Abstract
The existence of phylogenetic covariation in base-pairing is strong evidence for functional elements of RNA structure, although available tools for identifying covariation are limited. R-scape is a recently developed program for prediction of covariation from sequence alignments, but it has limited utility on long RNAs, especially those of eukaryotic origin. Here we show that R-scape can be adapted for powerful prediction of covariation in long RNA molecules, including mammalian lncRNAs.
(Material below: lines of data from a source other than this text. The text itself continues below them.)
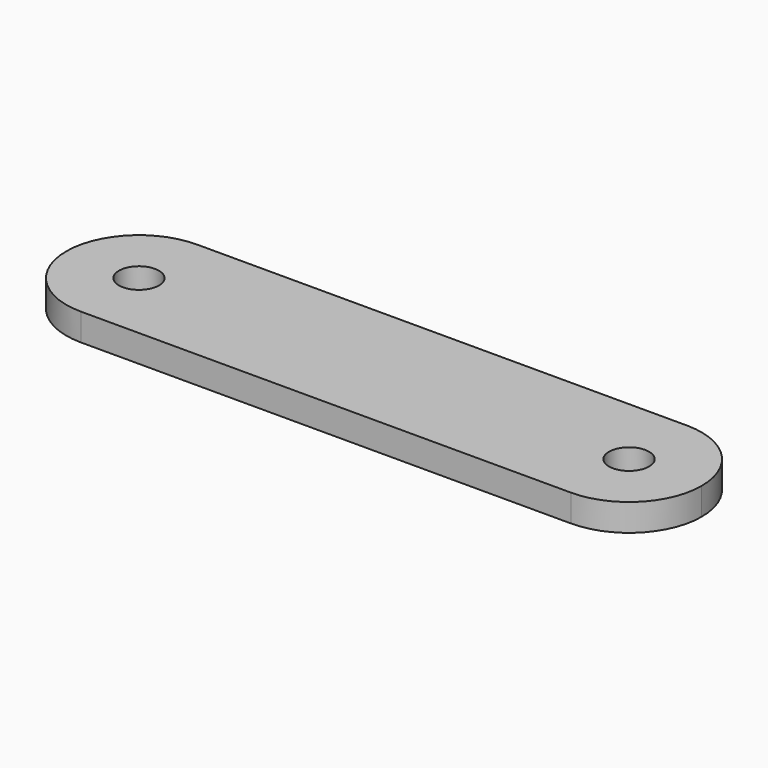
from build123d import *

# Parameters (mm, degrees)
F0_W     = 111.125
F0_H     = 25.4
F1_DEPTH = 4.7498
F2_R     = 12.69999
F3_R     = 3.5
F3_R_2   = 3.5052
F4_DEPTH = 25.4


# Not quite as in the source:
# - a fillet or chamfer is up to 0.001 mm smaller than in the source, because OpenCascade refuses the exact size


with BuildPart() as f1:
    # F0 (on Top) → F1 (new body)
    with BuildSketch(Plane.XY):
        Rectangle(F0_W, F0_H)
    extrude(amount=F1_DEPTH)

    # F2 (radius 12.7 in the source; OpenCascade refuses exactly that, so slightly less here)
    f2_edges = [f1.edges().sort_by_distance(p)[0] for p in [
        (-55.5625, -12.7, 2.3749),
        (-55.5625, 12.7, 2.3749),
        (55.5625, -12.7, 2.3749),
        (55.5625, 12.7, 2.3749),
    ]]
    fillet(f2_edges, radius=F2_R)

    # F3 (on face) → F4 (cut)
    with BuildSketch(Plane.XY.offset(4.7498)):
        with Locations((-42.8625, 0)):
            Circle(F3_R)
        with Locations((42.8625, 0)):
            Circle(F3_R_2)
    extrude(amount=-F4_DEPTH, mode=Mode.SUBTRACT)


solid = f1.part
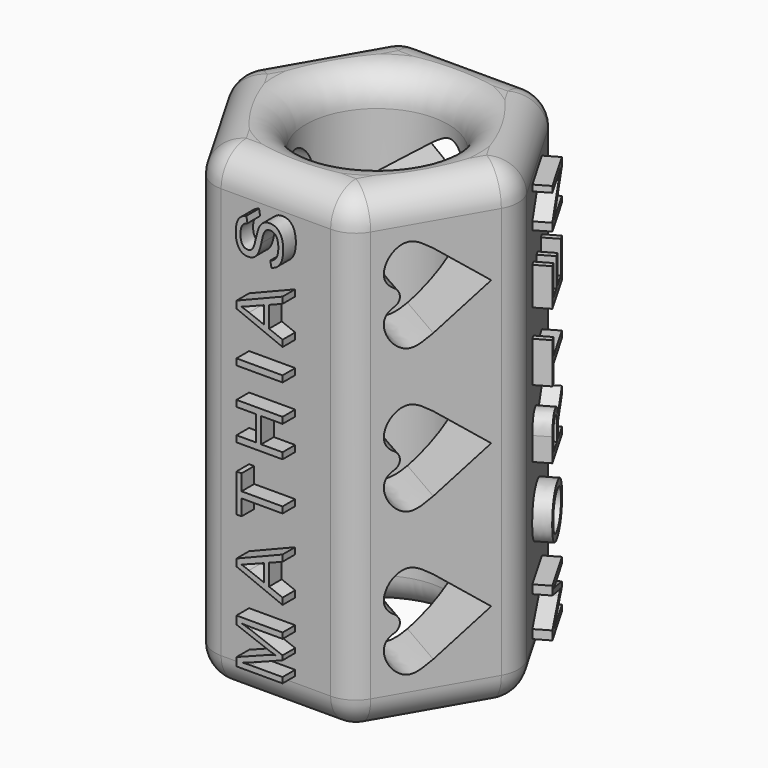
from build123d import *

# Parameters (mm, degrees)
F0_R          = 2.25
F1_DEPTH      = 15
F2_TEXT_SIZE  = 2.9915144542
F3_DEPTH      = 0.5
F4_TEXT_SIZE  = 2.2767698328
F5_DEPTH      = 0.5
F6_TEXT_SIZE  = 2.1189354387
F7_DEPTH      = 0.5
F9_DEPTH      = 5
F11_DEPTH     = 5
F13_DEPTH     = 5
F14_T1_DEPTH  = 9.6188021535
F14_T3_DEPTH  = 9.6188021535
F14_T5_DEPTH  = 9.6188021535
F14_T7_DEPTH  = 9.6188021535
F14_T9_DEPTH  = 9.6188021535
F15_T1_DEPTH  = 13
F15_T6_DEPTH  = 1
F15_T12_DEPTH = 1
F15_T18_DEPTH = 1
F15_T24_DEPTH = 1
F15_T30_DEPTH = 1
F15_T36_DEPTH = 1
F15_T42_DEPTH = 1
F15_T48_DEPTH = 1
F15_T54_DEPTH = 1
F15_T60_DEPTH = 1
F15_T66_DEPTH = 1
F15_T72_DEPTH = 1
F16_R         = 0.3


# Not quite as in the source:
# - a fillet or chamfer that OpenCascade refuses, or shapes differently, is made with other operations: its cross-section is extruded or revolved along the edge and cut away or added
# - Text() gives the source's letters only with a copy of the font that has no kerning and outlines rounded to 1/6400 em; it was checked with that copy


with BuildPart() as f1:
    # F0 (on Top) → F1 (new body)
    with BuildSketch(Plane.XY):
        Polygon((-2.3094010768, -4), (2.3094010768, -4), (4.6188021535, 0), (2.3094010768, 4), (-2.3094010768, 4), (-4.6188021535, 0), align=None)
        Circle(F0_R, mode=Mode.SUBTRACT)
    extrude(amount=F1_DEPTH)

    # F2 (on face) → F3 (join)
    with BuildSketch(Plane(origin=(-3.4641016151, 2, 0), x_dir=(-0.5, -0.8660254038, 0), z_dir=(-0.8660254038, 0.5, 0))):
        with Locations(Location((0.9215387268, 1), (0, 0, 90))):
            Text('M A R I A', F2_TEXT_SIZE, font='Arimo', text_align=(TextAlign.LEFT, TextAlign.BOTTOM))
    extrude(amount=F3_DEPTH)

    # F4 (on face) → F5 (join)
    with BuildSketch(Plane(origin=(3.4641016151, 2, 0), x_dir=(-0.5, 0.8660254038, 0), z_dir=(0.8660254038, 0.5, 0))):
        with Locations(Location((0.7773110224, 0.9308314361), (0, 0, 90))):
            Text('M O R T E N', F4_TEXT_SIZE, font='Arimo', text_align=(TextAlign.LEFT, TextAlign.BOTTOM))
    extrude(amount=F5_DEPTH)

    # F6 (on face) → F7 (join)
    with BuildSketch(Plane.XZ.offset(4)):
        with Locations(Location((0.6108914517, 1.017461665), (0, 0, 90))):
            Text('M A T H I A S', F6_TEXT_SIZE, font='Arimo', text_align=(TextAlign.LEFT, TextAlign.BOTTOM))
    extrude(amount=F7_DEPTH)

    # F8 (on face) → F9 (cut)
    with BuildSketch(Plane(origin=(-3.4641016151, -2, 0), x_dir=(0.5, -0.8660254038, 0), z_dir=(-0.8660254038, -0.5, 0))):
        with BuildLine():
            Line((0, 1.776238773), (1.5377772506, 2.9594601877))
            Line((1.5377772506, 2.9594601877), (0, 4.1426816024))
            add(Edge.make_bspline(
                [(0, 4.1426816024), (-0.2173509057, 4.2946153333), (-0.6310612999, 4.5838092683), (-1.2004435179, 4.1850955605), (-1.3756111709, 3.5968057921), (-1.1404542273, 3.2179649778), (-0.5606131931, 3.0412608869), (-0.1866981793, 2.9867018613), (0, 2.9594601877)],
                knots=[0, 0, 0, 0, 0.1874012518, 0.3567035782, 0.5239209237, 0.6616950004, 0.8310821306, 1, 1, 1, 1], degree=3))
            add(Edge.make_bspline(
                [(0, 1.776238773), (-0.2173509057, 1.6243050422), (-0.6310612999, 1.3351111071), (-1.2004435179, 1.7338248149), (-1.3756111709, 2.3221145833), (-1.1404542273, 2.7009553976), (-0.5606131931, 2.8776594885), (-0.1866981793, 2.9322185141), (0, 2.9594601877)],
                knots=[0, 0, 0, 0, 0.1874012518, 0.3567035782, 0.5239209237, 0.6616950004, 0.8310821306, 1, 1, 1, 1], degree=3))
        make_face()
        with BuildLine():
            Line((0, 6.3167785853), (1.5377772506, 7.5))
            Line((1.5377772506, 7.5), (0, 8.6832214147))
            add(Edge.make_bspline(
                [(0, 8.6832214147), (-0.2173509057, 8.8351551455), (-0.6310612999, 9.1243490806), (-1.2004435179, 8.7256353728), (-1.3756111709, 8.1373456044), (-1.1404542273, 7.7585047901), (-0.5606131931, 7.5818006992), (-0.1866981793, 7.5272416736), (0, 7.5)],
                knots=[0, 0, 0, 0, 0.1874012518, 0.3567035782, 0.5239209237, 0.6616950004, 0.8310821306, 1, 1, 1, 1], degree=3))
            add(Edge.make_bspline(
                [(0, 6.3167785853), (-0.2173509057, 6.1648448545), (-0.6310612999, 5.8756509194), (-1.2004435179, 6.2743646272), (-1.3756111709, 6.8626543956), (-1.1404542273, 7.2414952099), (-0.5606131931, 7.4181993008), (-0.1866981793, 7.4727583264), (0, 7.5)],
                knots=[0, 0, 0, 0, 0.1874012518, 0.3567035782, 0.5239209237, 0.6616950004, 0.8310821306, 1, 1, 1, 1], degree=3))
        make_face()
        with BuildLine():
            Line((0, 10.8573183976), (1.5377772506, 12.0405398123))
            Line((1.5377772506, 12.0405398123), (0, 13.223761227))
            add(Edge.make_bspline(
                [(0, 13.223761227), (-0.2173509057, 13.3756949578), (-0.6310612999, 13.6648888929), (-1.2004435179, 13.2661751851), (-1.3756111709, 12.6778854167), (-1.1404542273, 12.2990446024), (-0.5606131931, 12.1223405115), (-0.1866981793, 12.0677814859), (0, 12.0405398123)],
                knots=[0, 0, 0, 0, 0.1874012518, 0.3567035782, 0.5239209237, 0.6616950004, 0.8310821306, 1, 1, 1, 1], degree=3))
            add(Edge.make_bspline(
                [(0, 10.8573183976), (-0.2173509057, 10.7053846667), (-0.6310612999, 10.4161907317), (-1.2004435179, 10.8149044395), (-1.3756111709, 11.4031942079), (-1.1404542273, 11.7820350222), (-0.5606131931, 11.9587391131), (-0.1866981793, 12.0132981387), (0, 12.0405398123)],
                knots=[0, 0, 0, 0, 0.1874012518, 0.3567035782, 0.5239209237, 0.6616950004, 0.8310821306, 1, 1, 1, 1], degree=3))
        make_face()
    extrude(amount=-F9_DEPTH, mode=Mode.SUBTRACT)

    # F10 (on face) → F11 (cut)
    with BuildSketch(Plane(origin=(0, 4, 0), x_dir=(-1, 0, 0), z_dir=(0, 1, 0))):
        with BuildLine():
            Line((0.0039297288, 6.4260225961), (1.5417069794, 7.6092440108))
            Line((1.5417069794, 7.6092440108), (0.0039297288, 8.7924654255))
            add(Edge.make_bspline(
                [(0.0039297288, 8.7924654255), (-0.2134211769, 8.9443991563), (-0.6271315711, 9.2335930914), (-1.1965137892, 8.8348793835), (-1.3716814422, 8.2465896152), (-1.1365244985, 7.8677488009), (-0.5566834644, 7.69104471), (-0.1827684505, 7.6364856844), (0.0039297288, 7.6092440108)],
                knots=[0, 0, 0, 0, 0.1874012518, 0.3567035782, 0.5239209237, 0.6616950004, 0.8310821306, 1, 1, 1, 1], degree=3))
            add(Edge.make_bspline(
                [(0.0039297288, 6.4260225961), (-0.2134211769, 6.2740888652), (-0.6271315711, 5.9848949302), (-1.1965137892, 6.383608638), (-1.3716814422, 6.9718984064), (-1.1365244985, 7.3507392207), (-0.5566834644, 7.5274433116), (-0.1827684505, 7.5820023372), (0.0039297288, 7.6092440108)],
                knots=[0, 0, 0, 0, 0.1874012518, 0.3567035782, 0.5239209237, 0.6616950004, 0.8310821306, 1, 1, 1, 1], degree=3))
        make_face()
        with BuildLine():
            Line((0.0039297288, 10.9665624084), (1.5417069794, 12.1497838231))
            Line((1.5417069794, 12.1497838231), (0.0039297288, 13.3330052378))
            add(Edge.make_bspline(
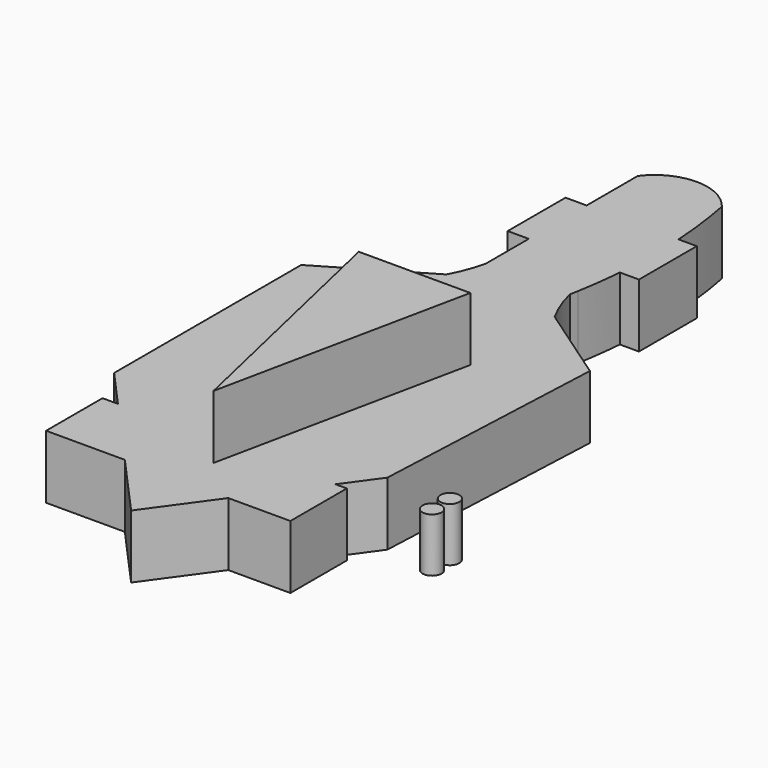
from build123d import *

# Parameters (mm, degrees)
F0_DEPTH  = 25.4
F15_DEPTH = 25.4
F6_DEPTH  = 25.4
F7_W      = 52.5711476803
F7_H      = 28.9547294378
F8_DEPTH  = 25.4
F9_R      = 3.7869940918
F10_DEPTH = 21.59
F18_R     = 3.8055561705
F11_DEPTH = 21.59
F19_W     = 97.8483408689
F19_H     = 28.2483398914
F12_DEPTH = 25.4


# Not quite as in the source:
# - the program builds the solid bodies; features that only make, move or delete a surface that nothing else refers to are left out


with BuildPart() as f0:
    # F13 (on Top) → F0 (new body)
    with BuildSketch(Plane.XY):
        with BuildLine():
            ThreePointArc((16.2997245058, 3.3815672953), (19.3231299232, 39.8030258746), (15.6745165586, 76.1671736836))
            ThreePointArc((15.6745165586, 76.1671736836), (-1.1504060771, 84.3494571695), (-17.8354382515, 75.8855640888))
            Line((-17.8354382515, 75.8855640888), (-17.8354382515, 0))
            ThreePointArc((-17.8354382515, 0), (-29.0742141651, -22.5080976821), (-49.6557429433, -36.9761735201))
            ThreePointArc((-49.6557429433, -36.9761735201), (-53.2002321262, -80.6407257915), (-49.6557429433, -124.3052780628))
            ThreePointArc((-49.6557429433, -124.3052780628), (-28.552755811, -158.7517318324), (0, -187.3285472393))
            ThreePointArc((0, -187.3285472393), (23.5369802762, -157.5088719546), (41.433095932, -123.9987015724))
            ThreePointArc((41.433095932, -123.9987015724), (43.4568628888, -79.9188986421), (41.433095932, -35.8390957117))
            ThreePointArc((41.433095932, -35.8390957117), (25.0609068527, -20.4299941844), (15.6745165586, 0))
            ThreePointArc((15.6745165586, 0), (15.9943820769, 1.6894410822), (16.2997245058, 3.3815672953))
        make_face()
    extrude(amount=F0_DEPTH)

    # F14 (on face) → F15 (join)
    with BuildSketch(Plane.XY.offset(25.4)):
        Polygon((21.2603222236, -56.7732304335), (-23.4202891588, -56.7732304335), (0, -158.7517318324), align=None)
    extrude(amount=F15_DEPTH)

    # F5 (on Top) → F6 (join)
    with BuildSketch(Plane.XY):
        Polygon((0, 0), (-62.3636394739, -36.9194597006), (-62.3636394739, -130.5717527866), (0, -200.0146508217), (48.659875989, -132.5382590294), (52.991092205, -36.5707874298), align=None)
    extrude(amount=F6_DEPTH)

    # F7 (on Top) → F8 (join)
    with BuildSketch(Plane.XY):
        with Locations((0, 35.8452573419)):
            Rectangle(F7_W, F7_H)
    extrude(amount=F8_DEPTH)

    # F19 (on Top) → F12 (join)
    with BuildSketch(Plane.XY):
        with Locations((-5.5963620543, -160.3068858385)):
            Rectangle(F19_W, F19_H)
    extrude(amount=F12_DEPTH)


with BuildPart() as f10:
    # F9 (on Top) → F10 (new body)
    with BuildSketch(Plane.XY):
        with Locations((68.1670159101, -125.6581246853)):
            Circle(F9_R)
    extrude(amount=F10_DEPTH)


with BuildPart() as f11:
    # F18 (on Top) → F11 (new body)
    with BuildSketch(Plane.XY):
        with Locations((68.230509758, -134.652659297)):
            Circle(F18_R)
    extrude(amount=F11_DEPTH)


solid = Compound([f0.part, f10.part, f11.part])

Long non-coding RNAs (lncRNAs) are well accepted as crucial regulators of gene expression and disease progression1. Despite the ubiquity and significance of lncRNAs, our understanding of structure-function relationships within this class of molecules is extremely limited2. Studies of ribozymes, riboswitches, viral RNAs, mRNA UTRs and even coding sequences have shown that conserved RNA secondary and tertiary structures are vital for RNA function3, 4 It has therefore been of interest to determine whether lncRNA molecules contain regions of functional structure and whether these structures are conserved5-7. If conservation in base-pairing could be established, it would provide powerful evidence that RNA structure plays a role in aspects of lncRNA function. Several empirical studies have demonstrated the existence of structured regions within lncRNAs, and conventional phylogenetic covariation analyses were found to support the empirically-determined structures8-10. Indeed in at least two cases, these modules of RNA structure were flanked by highly conserved sequences that are consistent with a biological role for lncRNA substructures9, 10.
However, a powerful new method for stringent determination of nucleotide covariation, known as R-scape, failed to support the existence of conserved base-pairings in well-studied functional lncRNAs such as Xist and HOTAIR11. On the basis of these findings, it was concluded that those lncRNAs do not contain conserved structure and are therefore unlikely to contain functional elements of discrete structure. Like many tools for phylogenetic analysis, R-scape was developed for application to small, highly structured RNA molecules for which many sequences are available (such as bacterial riboswitches). We reasoned that, at least in its current form, R-scape might not be equipped to confront the challenges posed by large, multidomain eukaryotic RNA molecules. We therefore set out to test the limitations of R-scape covariation analysis and to determine whether the approach could actually be modified in order to successfully identify conservation of structures in mammalian lncRNAs.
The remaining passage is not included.